Irak toprak bütünlüğü ve özelde Haydar El Ibadi yönetiminin meşruiyetini sorgulayan yaklaşımın karşı tarafta açık bir tehdit algısına yol açtığı ve iki ülke arasında işbirliği olasılıklarını en baştan budadığı görülmeli.
Türkiye’nin Ortadoğu’da daha aktif bir dış politika izlemesi gerektiği savunanların çoğu zaman atladıkları bir gerçek var. O da, Müslüman kimliği ve Osmanlı mirasının siyasi kültür açısından bölgeyle kurulan ilişkilerde Türkiye’ye avantaj sağladığı gibi, aynı Osmanlı geçmişinin bölgede sömürgecilik karşıtı tepkileri tetikliyor ve antipati yaratıyor olması.
Iraklı Şii lider Mukteda el Sadr’ın yandaşlarına -Başika’daki askeri varlığından dolayı- Türkiye’nin Bağdat Büyükelçiliği önünde protesto çağrısında bulunması ve göstericilerin “Osmanlı işgali bitti” yazılı pankartları açması, tam da böylesi bir tepkinin açık kanıtı.

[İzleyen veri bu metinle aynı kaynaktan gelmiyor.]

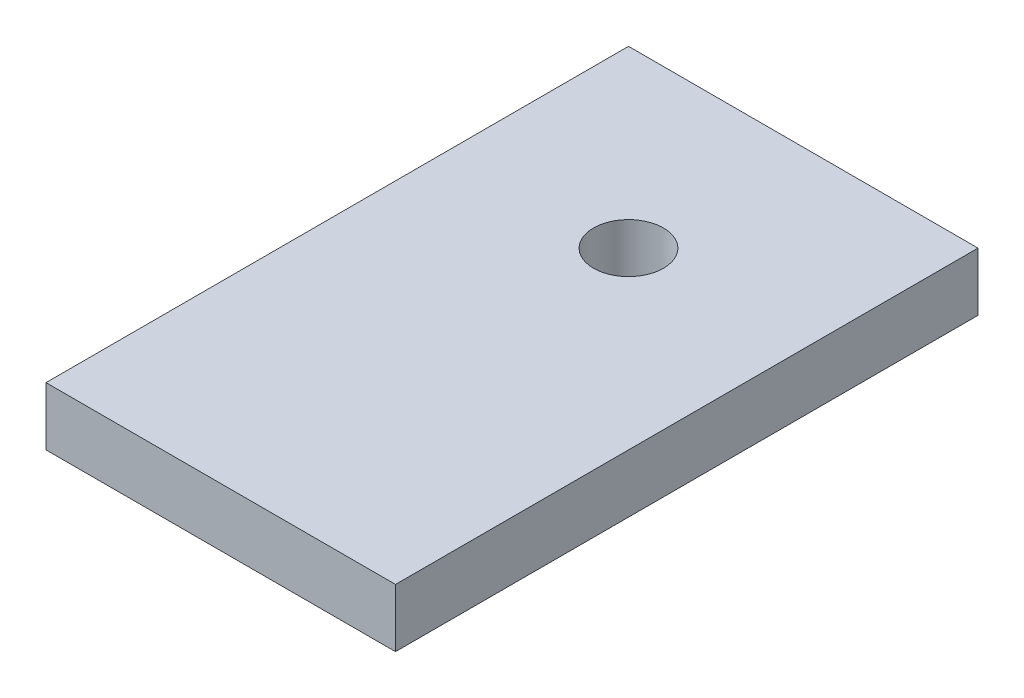
ISO-10303-21;
HEADER;
FILE_DESCRIPTION(('STEP AP214'),'2;1');
FILE_NAME('part.step','',(''),(''),'','','');
FILE_SCHEMA(('AUTOMOTIVE_DESIGN { 1 0 10303 214 1 1 1 1 }'));
ENDSEC;
DATA;
#1=APPLICATION_CONTEXT('core data for automotive mechanical design processes');
#2=APPLICATION_PROTOCOL_DEFINITION('international standard','automotive_design',2000,#1);
#3=PRODUCT_CONTEXT('',#1,'mechanical');
#4=PRODUCT('Part','Part','',(#3));
#5=PRODUCT_RELATED_PRODUCT_CATEGORY('part','',(#4));
#6=PRODUCT_DEFINITION_FORMATION('','',#4);
#7=PRODUCT_DEFINITION_CONTEXT('part definition',#1,'design');
#8=PRODUCT_DEFINITION('design','',#6,#7);
#9=PRODUCT_DEFINITION_SHAPE('','',#8);
#10=(LENGTH_UNIT() NAMED_UNIT(*) SI_UNIT(.MILLI.,.METRE.));
#11=(NAMED_UNIT(*) PLANE_ANGLE_UNIT() SI_UNIT($,.RADIAN.));
#12=(NAMED_UNIT(*) SI_UNIT($,.STERADIAN.) SOLID_ANGLE_UNIT());
#13=UNCERTAINTY_MEASURE_WITH_UNIT(LENGTH_MEASURE(1.E-05),#10,'distance_accuracy_value','');
#14=(GEOMETRIC_REPRESENTATION_CONTEXT(3) GLOBAL_UNCERTAINTY_ASSIGNED_CONTEXT((#13)) GLOBAL_UNIT_ASSIGNED_CONTEXT((#10,
#11,#12)) REPRESENTATION_CONTEXT('',''));
#15=CARTESIAN_POINT('',(0.,0.,0.));
#16=DIRECTION('',(0.,0.,1.));
#17=DIRECTION('',(1.,0.,0.));
#18=AXIS2_PLACEMENT_3D('',#15,#16,#17);
#19=CARTESIAN_POINT('',(-15.,5.,25.));
#20=DIRECTION('',(1.,0.,0.));
#21=DIRECTION('',(0.,0.,-1.));
#22=AXIS2_PLACEMENT_3D('',#19,#20,#21);
#23=PLANE('',#22);
#24=DIRECTION('',(0.,0.,1.));
#25=VECTOR('',#24,1.);
#26=CARTESIAN_POINT('',(-15.,0.,25.));
#27=LINE('',#26,#25);
#28=CARTESIAN_POINT('',(-15.,0.,-25.));
#29=VERTEX_POINT('',#28);
#30=CARTESIAN_POINT('',(-15.,0.,25.));
#31=VERTEX_POINT('',#30);
#32=EDGE_CURVE('E95',#29,#31,#27,.T.);
#33=ORIENTED_EDGE('',*,*,#32,.T.);
#34=DIRECTION('',(0.,-1.,0.));
#35=VECTOR('',#34,1.);
#36=CARTESIAN_POINT('',(-15.,5.,25.));
#37=LINE('',#36,#35);
#38=CARTESIAN_POINT('',(-15.,5.,25.));
#39=VERTEX_POINT('',#38);
#40=EDGE_CURVE('E11',#39,#31,#37,.T.);
#41=ORIENTED_EDGE('',*,*,#40,.F.);
#42=DIRECTION('',(0.,0.,1.));
#43=VECTOR('',#42,1.);
#44=CARTESIAN_POINT('',(-15.,5.,25.));
#45=LINE('',#44,#43);
#46=CARTESIAN_POINT('',(-15.,5.,-25.));
#47=VERTEX_POINT('',#46);
#48=EDGE_CURVE('E83',#47,#39,#45,.T.);
#49=ORIENTED_EDGE('',*,*,#48,.F.);
#50=DIRECTION('',(0.,-1.,0.));
#51=VECTOR('',#50,1.);
#52=CARTESIAN_POINT('',(-15.,5.,-25.));
#53=LINE('',#52,#51);
#54=EDGE_CURVE('E91',#47,#29,#53,.T.);
#55=ORIENTED_EDGE('',*,*,#54,.T.);
#56=EDGE_LOOP('',(#33,#41,#49,#55));
#57=FACE_BOUND('',#56,.T.);
#58=ADVANCED_FACE('F32',(#57),#23,.F.);
#59=CARTESIAN_POINT('',(15.,5.,25.));
#60=DIRECTION('',(0.,0.,-1.));
#61=DIRECTION('',(-1.,0.,0.));
#62=AXIS2_PLACEMENT_3D('',#59,#60,#61);
#63=PLANE('',#62);
#64=DIRECTION('',(1.,0.,0.));
#65=VECTOR('',#64,1.);
#66=CARTESIAN_POINT('',(15.,0.,25.));
#67=LINE('',#66,#65);
#68=CARTESIAN_POINT('',(15.,0.,25.));
#69=VERTEX_POINT('',#68);
#70=EDGE_CURVE('E87',#31,#69,#67,.T.);
#71=ORIENTED_EDGE('',*,*,#70,.T.);
#72=DIRECTION('',(0.,-1.,0.));
#73=VECTOR('',#72,1.);
#74=CARTESIAN_POINT('',(15.,5.,25.));
#75=LINE('',#74,#73);
#76=CARTESIAN_POINT('',(15.,5.,25.));
#77=VERTEX_POINT('',#76);
#78=EDGE_CURVE('E40',#77,#69,#75,.T.);
#79=ORIENTED_EDGE('',*,*,#78,.F.);
#80=DIRECTION('',(1.,0.,0.));
#81=VECTOR('',#80,1.);
#82=CARTESIAN_POINT('',(15.,5.,25.));
#83=LINE('',#82,#81);
#84=EDGE_CURVE('E78',#39,#77,#83,.T.);
#85=ORIENTED_EDGE('',*,*,#84,.F.);
#86=ORIENTED_EDGE('',*,*,#40,.T.);
#87=EDGE_LOOP('',(#71,#79,#85,#86));
#88=FACE_BOUND('',#87,.T.);
#89=ADVANCED_FACE('F86',(#88),#63,.F.);
#90=CARTESIAN_POINT('',(15.,5.,25.));
#91=DIRECTION('',(-1.,0.,0.));
#92=DIRECTION('',(0.,0.,1.));
#93=AXIS2_PLACEMENT_3D('',#90,#91,#92);
#94=PLANE('',#93);
#95=DIRECTION('',(0.,0.,-1.));
#96=VECTOR('',#95,1.);
#97=CARTESIAN_POINT('',(15.,0.,25.));
#98=LINE('',#97,#96);
#99=CARTESIAN_POINT('',(15.,0.,-25.));
#100=VERTEX_POINT('',#99);
#101=EDGE_CURVE('E65',#69,#100,#98,.T.);
#102=ORIENTED_EDGE('',*,*,#101,.T.);
#103=DIRECTION('',(0.,-1.,0.));
#104=VECTOR('',#103,1.);
#105=CARTESIAN_POINT('',(15.,5.,-25.));
#106=LINE('',#105,#104);
#107=CARTESIAN_POINT('',(15.,5.,-25.));
#108=VERTEX_POINT('',#107);
#109=EDGE_CURVE('E88',#108,#100,#106,.T.);
#110=ORIENTED_EDGE('',*,*,#109,.F.);
#111=DIRECTION('',(0.,0.,-1.));
#112=VECTOR('',#111,1.);
#113=CARTESIAN_POINT('',(15.,5.,25.));
#114=LINE('',#113,#112);
#115=EDGE_CURVE('E81',#77,#108,#114,.T.);
#116=ORIENTED_EDGE('',*,*,#115,.F.);
#117=ORIENTED_EDGE('',*,*,#78,.T.);
#118=EDGE_LOOP('',(#102,#110,#116,#117));
#119=FACE_BOUND('',#118,.T.);
#120=ADVANCED_FACE('F89',(#119),#94,.F.);
#121=CARTESIAN_POINT('',(15.,5.,-25.));
#122=DIRECTION('',(0.,0.,1.));
#123=DIRECTION('',(1.,0.,0.));
#124=AXIS2_PLACEMENT_3D('',#121,#122,#123);
#125=PLANE('',#124);
#126=DIRECTION('',(-1.,0.,0.));
#127=VECTOR('',#126,1.);
#128=CARTESIAN_POINT('',(15.,0.,-25.));
#129=LINE('',#128,#127);
#130=EDGE_CURVE('E71',#100,#29,#129,.T.);
#131=ORIENTED_EDGE('',*,*,#130,.T.);
#132=ORIENTED_EDGE('',*,*,#54,.F.);
#133=DIRECTION('',(-1.,0.,0.));
#134=VECTOR('',#133,1.);
#135=CARTESIAN_POINT('',(15.,5.,-25.));
#136=LINE('',#135,#134);
#137=EDGE_CURVE('E48',#108,#47,#136,.T.);
#138=ORIENTED_EDGE('',*,*,#137,.F.);
#139=ORIENTED_EDGE('',*,*,#109,.T.);
#140=EDGE_LOOP('',(#131,#132,#138,#139));
#141=FACE_BOUND('',#140,.T.);
#142=ADVANCED_FACE('F103',(#141),#125,.F.);
#143=CARTESIAN_POINT('',(0.,5.,0.));
#144=DIRECTION('',(0.,1.,0.));
#145=DIRECTION('',(0.,0.,1.));
#146=AXIS2_PLACEMENT_3D('',#143,#144,#145);
#147=PLANE('',#146);
#148=CARTESIAN_POINT('',(0.,5.,-10.));
#149=DIRECTION('',(0.,1.,0.));
#150=DIRECTION('',(0.,0.,1.));
#151=AXIS2_PLACEMENT_3D('',#148,#149,#150);
#152=CIRCLE('',#151,3.);
#153=CARTESIAN_POINT('',(0.,5.,-7.));
#154=VERTEX_POINT('',#153);
#155=EDGE_CURVE('E109',#154,#154,#152,.T.);
#156=ORIENTED_EDGE('',*,*,#155,.F.);
#157=EDGE_LOOP('',(#156));
#158=FACE_BOUND('',#157,.T.);
#159=ORIENTED_EDGE('',*,*,#48,.T.);
#160=ORIENTED_EDGE('',*,*,#84,.T.);
#161=ORIENTED_EDGE('',*,*,#115,.T.);
#162=ORIENTED_EDGE('',*,*,#137,.T.);
#163=EDGE_LOOP('',(#159,#160,#161,#162));
#164=FACE_BOUND('',#163,.T.);
#165=ADVANCED_FACE('F79',(#158,#164),#147,.T.);
#166=CARTESIAN_POINT('',(0.,0.,0.));
#167=DIRECTION('',(0.,1.,0.));
#168=DIRECTION('',(0.,0.,1.));
#169=AXIS2_PLACEMENT_3D('',#166,#167,#168);
#170=PLANE('',#169);
#171=CARTESIAN_POINT('',(0.,0.,-10.));
#172=DIRECTION('',(0.,1.,0.));
#173=DIRECTION('',(0.,0.,1.));
#174=AXIS2_PLACEMENT_3D('',#171,#172,#173);
#175=CIRCLE('',#174,3.);
#176=CARTESIAN_POINT('',(0.,0.,-7.));
#177=VERTEX_POINT('',#176);
#178=EDGE_CURVE('E98',#177,#177,#175,.T.);
#179=ORIENTED_EDGE('',*,*,#178,.T.);
#180=EDGE_LOOP('',(#179));
#181=FACE_BOUND('',#180,.T.);
#182=ORIENTED_EDGE('',*,*,#32,.F.);
#183=ORIENTED_EDGE('',*,*,#130,.F.);
#184=ORIENTED_EDGE('',*,*,#101,.F.);
#185=ORIENTED_EDGE('',*,*,#70,.F.);
#186=EDGE_LOOP('',(#182,#183,#184,#185));
#187=FACE_BOUND('',#186,.T.);
#188=ADVANCED_FACE('F106',(#181,#187),#170,.F.);
#189=CARTESIAN_POINT('',(0.,0.,-10.));
#190=DIRECTION('',(0.,1.,0.));
#191=DIRECTION('',(0.,0.,1.));
#192=AXIS2_PLACEMENT_3D('',#189,#190,#191);
#193=CYLINDRICAL_SURFACE('',#192,3.);
#194=ORIENTED_EDGE('',*,*,#178,.F.);
#195=EDGE_LOOP('',(#194));
#196=FACE_BOUND('',#195,.T.);
#197=ORIENTED_EDGE('',*,*,#155,.T.);
#198=EDGE_LOOP('',(#197));
#199=FACE_BOUND('',#198,.T.);
#200=ADVANCED_FACE('F116',(#196,#199),#193,.F.);
#201=CLOSED_SHELL('',(#58,#89,#120,#142,#165,#188,#200));
#202=MANIFOLD_SOLID_BREP('B2',#201);
#203=ADVANCED_BREP_SHAPE_REPRESENTATION('',(#18,#202),#14);
#204=SHAPE_DEFINITION_REPRESENTATION(#9,#203);
ENDSEC;
END-ISO-10303-21;

Bugün Türkiye’nin imkânları dahilinde bölgedeki gelişmelere yön verebilmesi sadece askeri güce değil, yumuşak gücüne, diğer bir deyişle tarafları ikna gücüne bağlıdır. Bu da dış politika revizyonu çerçevesinde beklenen siyasi dil ve üslup değişikliğinin yanı sıra mezhepler üstü söylemin benimsenmesi ve davranışlarla tutarlılık kazanmasıyla mümkündür. Bu bağlamda, Dışişleri Bakanlığı ile Bağdat arasında heyetlerin karşılıklı ziyaretleri, herşeye rağmen, diplomatik diyalog kanallarının tamiri için açık kapı bırakan, olumlu bir gelişme sayılabilir.